- _Exercise prompt_:
Of the entries that follow, how many lines hold the string "ThreePointArc"? Write the number and nothing more.

(Data entries)
■ ■ ■ ■ ■

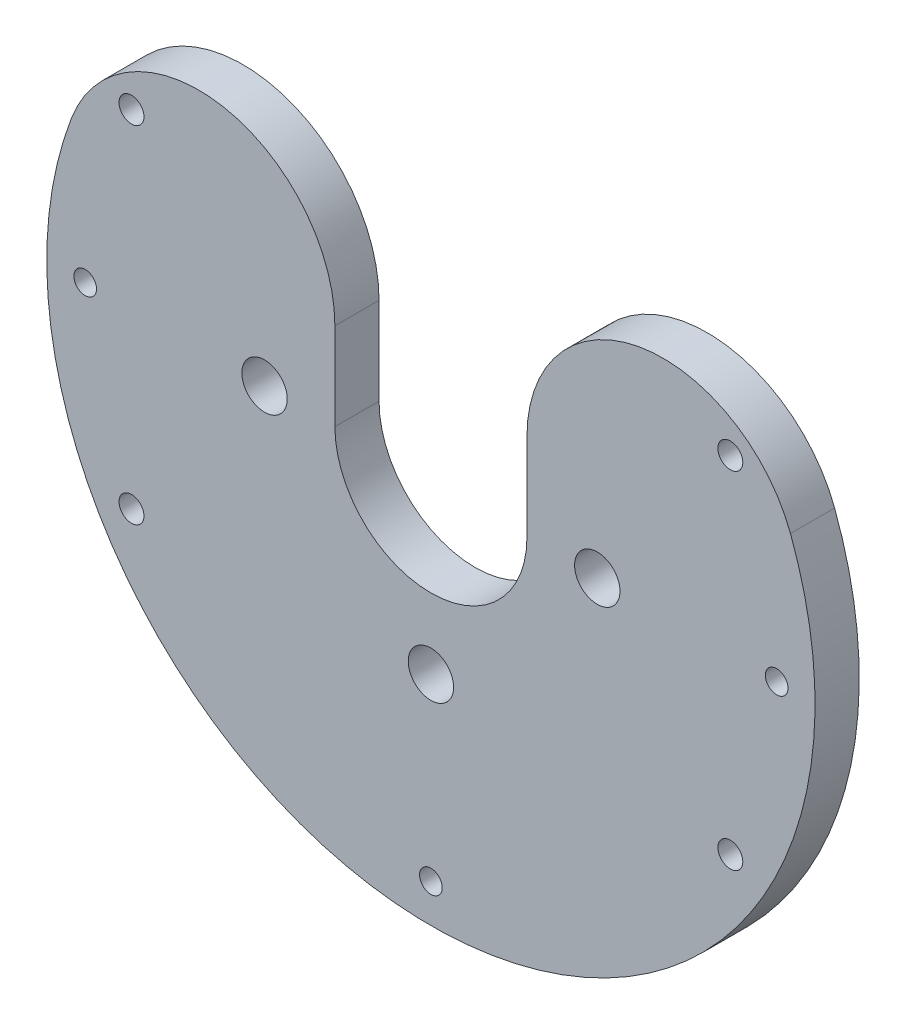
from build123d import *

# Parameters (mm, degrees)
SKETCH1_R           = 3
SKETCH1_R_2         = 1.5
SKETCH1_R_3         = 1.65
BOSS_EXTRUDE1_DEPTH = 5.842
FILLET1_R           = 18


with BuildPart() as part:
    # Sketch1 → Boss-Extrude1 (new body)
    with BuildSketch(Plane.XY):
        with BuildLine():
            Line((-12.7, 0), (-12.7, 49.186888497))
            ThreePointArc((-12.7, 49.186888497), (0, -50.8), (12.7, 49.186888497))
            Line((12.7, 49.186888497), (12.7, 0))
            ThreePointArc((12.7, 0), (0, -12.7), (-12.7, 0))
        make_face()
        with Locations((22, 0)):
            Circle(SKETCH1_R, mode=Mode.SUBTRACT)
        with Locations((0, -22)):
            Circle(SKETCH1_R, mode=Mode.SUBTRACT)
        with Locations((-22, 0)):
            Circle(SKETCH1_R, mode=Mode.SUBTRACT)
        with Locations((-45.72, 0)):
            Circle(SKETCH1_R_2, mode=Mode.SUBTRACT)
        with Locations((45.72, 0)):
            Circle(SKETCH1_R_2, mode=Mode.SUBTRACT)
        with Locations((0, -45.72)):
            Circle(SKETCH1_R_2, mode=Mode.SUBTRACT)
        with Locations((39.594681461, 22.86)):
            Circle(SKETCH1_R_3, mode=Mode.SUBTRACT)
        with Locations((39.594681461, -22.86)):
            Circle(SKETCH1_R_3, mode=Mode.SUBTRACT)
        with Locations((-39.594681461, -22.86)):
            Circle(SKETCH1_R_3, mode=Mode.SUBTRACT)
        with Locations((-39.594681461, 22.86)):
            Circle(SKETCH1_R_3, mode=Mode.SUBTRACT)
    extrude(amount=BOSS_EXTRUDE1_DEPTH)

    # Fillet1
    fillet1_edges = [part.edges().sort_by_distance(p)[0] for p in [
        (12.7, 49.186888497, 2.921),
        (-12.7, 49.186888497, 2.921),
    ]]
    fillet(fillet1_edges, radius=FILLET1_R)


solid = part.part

■ ■ ■ ■ ■

- _Answer for this exercise_:
2